I tried to run the datasets (https://www.cog-genomics.org/plink/2.0/resources#phase3_1kg - 1000Genomes phase 3 - GrCh 37) from above, however now I am getting the following error:

Do you have any idea what could cause this? I am not really getting any information out of the error message itself.

As an alternative, I read a forum post (https://www.biostars.org/p/9477182/ ) and it got me thinking, whether I could simply calculate a PGS 'by hand' by calculating the sum over all the SNPs that appear in both the respective pgs-Catalog and the input genome file, weighted by their effect weight. I am assuming, the quality of the PRS score I get this way is lower, however is this option at least somewhat viable?

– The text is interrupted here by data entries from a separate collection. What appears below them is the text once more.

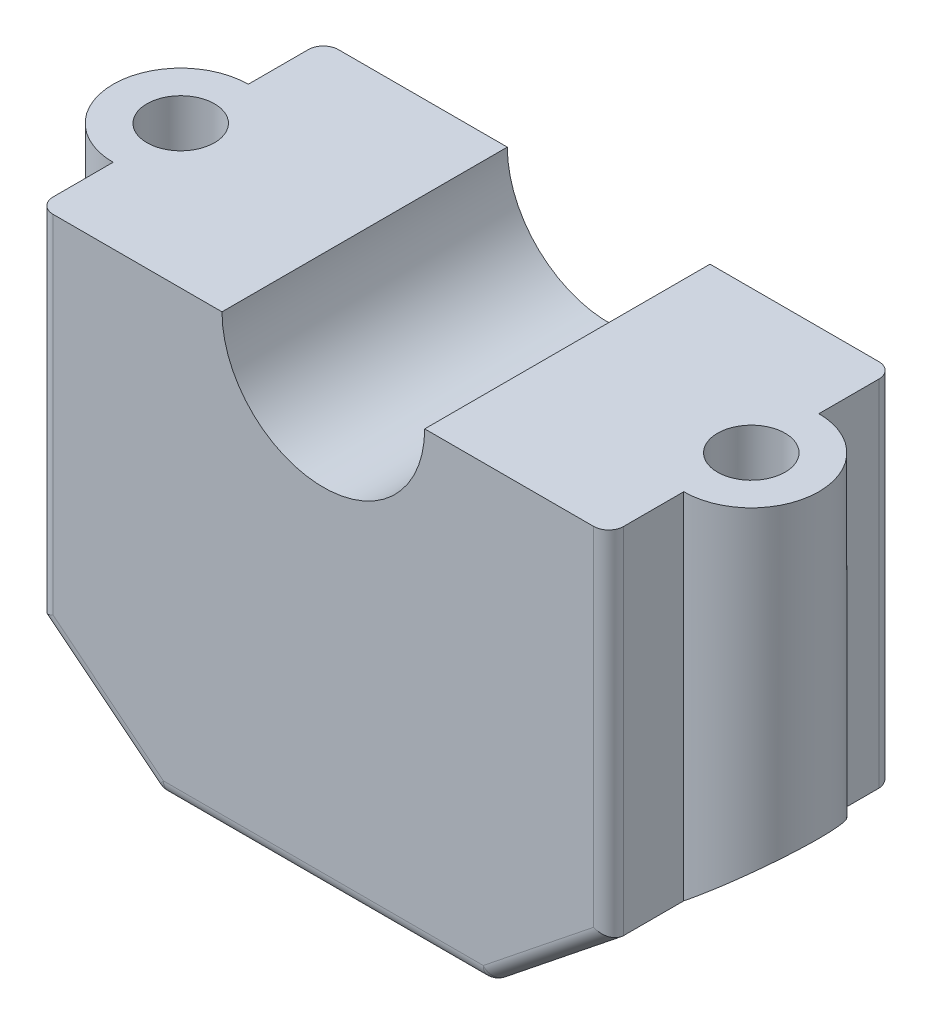
ISO-10303-21;
HEADER;
FILE_DESCRIPTION(('STEP AP214'),'2;1');
FILE_NAME('part.step','',(''),(''),'','','');
FILE_SCHEMA(('AUTOMOTIVE_DESIGN { 1 0 10303 214 1 1 1 1 }'));
ENDSEC;
DATA;
#1=APPLICATION_CONTEXT('core data for automotive mechanical design processes');
#2=APPLICATION_PROTOCOL_DEFINITION('international standard','automotive_design',2000,#1);
#3=PRODUCT_CONTEXT('',#1,'mechanical');
#4=PRODUCT('Part','Part','',(#3));
#5=PRODUCT_RELATED_PRODUCT_CATEGORY('part','',(#4));
#6=PRODUCT_DEFINITION_FORMATION('','',#4);
#7=PRODUCT_DEFINITION_CONTEXT('part definition',#1,'design');
#8=PRODUCT_DEFINITION('design','',#6,#7);
#9=PRODUCT_DEFINITION_SHAPE('','',#8);
#10=(LENGTH_UNIT() NAMED_UNIT(*) SI_UNIT(.MILLI.,.METRE.));
#11=(NAMED_UNIT(*) PLANE_ANGLE_UNIT() SI_UNIT($,.RADIAN.));
#12=(NAMED_UNIT(*) SI_UNIT($,.STERADIAN.) SOLID_ANGLE_UNIT());
#13=UNCERTAINTY_MEASURE_WITH_UNIT(LENGTH_MEASURE(1.E-05),#10,'distance_accuracy_value','');
#14=(GEOMETRIC_REPRESENTATION_CONTEXT(3) GLOBAL_UNCERTAINTY_ASSIGNED_CONTEXT((#13)) GLOBAL_UNIT_ASSIGNED_CONTEXT((#10,
#11,#12)) REPRESENTATION_CONTEXT('',''));
#15=CARTESIAN_POINT('',(0.,0.,0.));
#16=DIRECTION('',(0.,0.,1.));
#17=DIRECTION('',(1.,0.,0.));
#18=AXIS2_PLACEMENT_3D('',#15,#16,#17);
#19=CARTESIAN_POINT('',(0.,0.,0.));
#20=DIRECTION('',(0.,1.,0.));
#21=DIRECTION('',(0.,0.,1.));
#22=AXIS2_PLACEMENT_3D('',#19,#20,#21);
#23=PLANE('',#22);
#24=DIRECTION('',(0.,0.,-1.));
#25=VECTOR('',#24,1.);
#26=CARTESIAN_POINT('',(-21.2984378812836,0.,0.));
#27=LINE('',#26,#25);
#28=CARTESIAN_POINT('',(-21.2984378812836,0.,17.));
#29=VERTEX_POINT('',#28);
#30=CARTESIAN_POINT('',(-21.2984378812836,0.,-17.));
#31=VERTEX_POINT('',#30);
#32=EDGE_CURVE('E252',#29,#31,#27,.T.);
#33=ORIENTED_EDGE('',*,*,#32,.T.);
#34=DIRECTION('',(1.,0.,0.));
#35=VECTOR('',#34,1.);
#36=CARTESIAN_POINT('',(22.,0.,-17.));
#37=LINE('',#36,#35);
#38=CARTESIAN_POINT('',(21.2984378812836,0.,-17.));
#39=VERTEX_POINT('',#38);
#40=EDGE_CURVE('E259',#31,#39,#37,.T.);
#41=ORIENTED_EDGE('',*,*,#40,.T.);
#42=DIRECTION('',(0.,0.,-1.));
#43=VECTOR('',#42,1.);
#44=CARTESIAN_POINT('',(21.2984378812836,0.,19.));
#45=LINE('',#44,#43);
#46=CARTESIAN_POINT('',(21.2984378812836,0.,17.));
#47=VERTEX_POINT('',#46);
#48=EDGE_CURVE('E255',#39,#47,#45,.F.);
#49=ORIENTED_EDGE('',*,*,#48,.T.);
#50=DIRECTION('',(1.,0.,0.));
#51=VECTOR('',#50,1.);
#52=CARTESIAN_POINT('',(0.,0.,17.));
#53=LINE('',#52,#51);
#54=EDGE_CURVE('E249',#47,#29,#53,.F.);
#55=ORIENTED_EDGE('',*,*,#54,.T.);
#56=EDGE_LOOP('',(#33,#41,#49,#55));
#57=FACE_BOUND('',#56,.T.);
#58=ADVANCED_FACE('F51',(#57),#23,.F.);
#59=CARTESIAN_POINT('',(0.,60.,19.));
#60=DIRECTION('',(0.,0.,-1.));
#61=DIRECTION('',(-1.,0.,0.));
#62=AXIS2_PLACEMENT_3D('',#59,#60,#61);
#63=PLANE('',#62);
#64=DIRECTION('',(-0.78086880944303,-0.624695047554424,0.));
#65=VECTOR('',#64,1.);
#66=CARTESIAN_POINT('',(36.7506099048912,14.3617376188861,19.));
#67=LINE('',#66,#65);
#68=CARTESIAN_POINT('',(21.2984378812836,2.,19.));
#69=VERTEX_POINT('',#68);
#70=CARTESIAN_POINT('',(36.,13.7612496949731,19.));
#71=VERTEX_POINT('',#70);
#72=EDGE_CURVE('E69',#69,#71,#67,.F.);
#73=ORIENTED_EDGE('',*,*,#72,.T.);
#74=DIRECTION('',(0.,-1.,0.));
#75=VECTOR('',#74,1.);
#76=CARTESIAN_POINT('',(36.,60.,19.));
#77=LINE('',#76,#75);
#78=CARTESIAN_POINT('',(36.,60.,19.));
#79=VERTEX_POINT('',#78);
#80=EDGE_CURVE('E314',#71,#79,#77,.F.);
#81=ORIENTED_EDGE('',*,*,#80,.T.);
#82=DIRECTION('',(1.,0.,0.));
#83=VECTOR('',#82,1.);
#84=CARTESIAN_POINT('',(0.,60.,19.));
#85=LINE('',#84,#83);
#86=CARTESIAN_POINT('',(13.5,60.,19.));
#87=VERTEX_POINT('',#86);
#88=EDGE_CURVE('E407',#87,#79,#85,.T.);
#89=ORIENTED_EDGE('',*,*,#88,.F.);
#90=CARTESIAN_POINT('',(0.,60.,19.));
#91=DIRECTION('',(0.,0.,1.));
#92=DIRECTION('',(1.,0.,0.));
#93=AXIS2_PLACEMENT_3D('',#90,#91,#92);
#94=CIRCLE('',#93,13.5);
#95=CARTESIAN_POINT('',(-13.5,60.,19.));
#96=VERTEX_POINT('',#95);
#97=EDGE_CURVE('E449',#96,#87,#94,.T.);
#98=ORIENTED_EDGE('',*,*,#97,.F.);
#99=CARTESIAN_POINT('',(-36.,60.,19.));
#100=VERTEX_POINT('',#99);
#101=EDGE_CURVE('E414',#100,#96,#85,.T.);
#102=ORIENTED_EDGE('',*,*,#101,.F.);
#103=DIRECTION('',(0.,-1.,0.));
#104=VECTOR('',#103,1.);
#105=CARTESIAN_POINT('',(-36.,60.,19.));
#106=LINE('',#105,#104);
#107=CARTESIAN_POINT('',(-36.,13.7612496949731,19.));
#108=VERTEX_POINT('',#107);
#109=EDGE_CURVE('E76',#100,#108,#106,.T.);
#110=ORIENTED_EDGE('',*,*,#109,.T.);
#111=DIRECTION('',(0.78086880944303,-0.624695047554424,0.));
#112=VECTOR('',#111,1.);
#113=CARTESIAN_POINT('',(-36.6042684414765,14.2446644481544,19.));
#114=LINE('',#113,#112);
#115=CARTESIAN_POINT('',(-21.2984378812836,2.,19.));
#116=VERTEX_POINT('',#115);
#117=EDGE_CURVE('E307',#108,#116,#114,.T.);
#118=ORIENTED_EDGE('',*,*,#117,.T.);
#119=DIRECTION('',(1.,0.,0.));
#120=VECTOR('',#119,1.);
#121=CARTESIAN_POINT('',(0.,2.,19.));
#122=LINE('',#121,#120);
#123=EDGE_CURVE('E304',#116,#69,#122,.T.);
#124=ORIENTED_EDGE('',*,*,#123,.T.);
#125=EDGE_LOOP('',(#73,#81,#89,#98,#102,#110,#118,#124));
#126=FACE_BOUND('',#125,.T.);
#127=ADVANCED_FACE('F456',(#126),#63,.F.);
#128=CARTESIAN_POINT('',(38.,60.,0.));
#129=DIRECTION('',(1.,0.,0.));
#130=DIRECTION('',(0.,0.,-1.));
#131=AXIS2_PLACEMENT_3D('',#128,#129,#130);
#132=PLANE('',#131);
#133=DIRECTION('',(0.,0.,1.));
#134=VECTOR('',#133,1.);
#135=CARTESIAN_POINT('',(38.,60.,0.));
#136=LINE('',#135,#134);
#137=CARTESIAN_POINT('',(38.,60.,9.00000000000002));
#138=VERTEX_POINT('',#137);
#139=CARTESIAN_POINT('',(38.,60.,17.));
#140=VERTEX_POINT('',#139);
#141=EDGE_CURVE('E438',#138,#140,#136,.T.);
#142=ORIENTED_EDGE('',*,*,#141,.T.);
#143=DIRECTION('',(0.,-1.,0.));
#144=VECTOR('',#143,1.);
#145=CARTESIAN_POINT('',(38.,12.8,17.));
#146=LINE('',#145,#144);
#147=CARTESIAN_POINT('',(38.,12.8,17.));
#148=VERTEX_POINT('',#147);
#149=EDGE_CURVE('E61',#140,#148,#146,.T.);
#150=ORIENTED_EDGE('',*,*,#149,.T.);
#151=DIRECTION('',(0.,0.,-1.));
#152=VECTOR('',#151,1.);
#153=CARTESIAN_POINT('',(38.,12.8,0.));
#154=LINE('',#153,#152);
#155=CARTESIAN_POINT('',(38.,12.8,9.00000000000002));
#156=VERTEX_POINT('',#155);
#157=EDGE_CURVE('E212',#148,#156,#154,.T.);
#158=ORIENTED_EDGE('',*,*,#157,.T.);
#159=DIRECTION('',(0.,-1.,0.));
#160=VECTOR('',#159,1.);
#161=CARTESIAN_POINT('',(38.,60.,9.00000000000002));
#162=LINE('',#161,#160);
#163=EDGE_CURVE('E210',#138,#156,#162,.T.);
#164=ORIENTED_EDGE('',*,*,#163,.F.);
#165=EDGE_LOOP('',(#142,#150,#158,#164));
#166=FACE_BOUND('',#165,.T.);
#167=ADVANCED_FACE('F498',(#166),#132,.T.);
#168=CARTESIAN_POINT('',(38.,60.,0.));
#169=DIRECTION('',(0.,-1.,0.));
#170=DIRECTION('',(0.,0.,-1.));
#171=AXIS2_PLACEMENT_3D('',#168,#169,#170);
#172=CYLINDRICAL_SURFACE('',#171,9.);
#173=ORIENTED_EDGE('',*,*,#163,.T.);
#174=CARTESIAN_POINT('',(38.,12.8,0.));
#175=DIRECTION('',(0.624695047554424,-0.78086880944303,0.));
#176=DIRECTION('',(-0.78086880944303,-0.624695047554424,0.));
#177=AXIS2_PLACEMENT_3D('',#174,#175,#176);
#178=ELLIPSE('',#177,11.5256236273791,9.);
#179=CARTESIAN_POINT('',(38.,12.8,-8.99999999999999));
#180=VERTEX_POINT('',#179);
#181=EDGE_CURVE('E195',#180,#156,#178,.T.);
#182=ORIENTED_EDGE('',*,*,#181,.F.);
#183=DIRECTION('',(0.,-1.,0.));
#184=VECTOR('',#183,1.);
#185=CARTESIAN_POINT('',(38.,60.,-8.99999999999999));
#186=LINE('',#185,#184);
#187=CARTESIAN_POINT('',(38.,60.,-8.99999999999999));
#188=VERTEX_POINT('',#187);
#189=EDGE_CURVE('E209',#188,#180,#186,.T.);
#190=ORIENTED_EDGE('',*,*,#189,.F.);
#191=CARTESIAN_POINT('',(38.,60.,0.));
#192=DIRECTION('',(0.,1.,0.));
#193=DIRECTION('',(0.,0.,1.));
#194=AXIS2_PLACEMENT_3D('',#191,#192,#193);
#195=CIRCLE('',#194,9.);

Alternatively, would it be possible to add my input sample from 1 individual to a bigger dataset with samples from many individuals and use this to calculate the PGS scores? I could then go into results, search the sample I added and read its PGS score.

I also wanted to ask, why there are always datasets with samples from multiple individuals are needed? I read in a paper (https://www.ncbi.nlm.nih.gov/pmc/articles/PMC7612115/ ) its because of quality control mechanisms, however I don't really understand why other individuals genome data would influence the PGS of my single input genome file from 1 individual. I get that large sample sizes is important in GWAS when you are determining which SNPs have an influence on a phenotype, but why is it important when calculating single PGS scores?

I hope I am not bothering you with all my questions. :)
Thanks in advance 👍

[hereagain-Y]

Hi Patrick, when I was trying to use the vcf data from I ran into the same issue as you posted previously, I was wondering did you have any clue to fix it?

[smlmbrt]

@hereagain-Y - what is the exact problem you're having? That no variants match?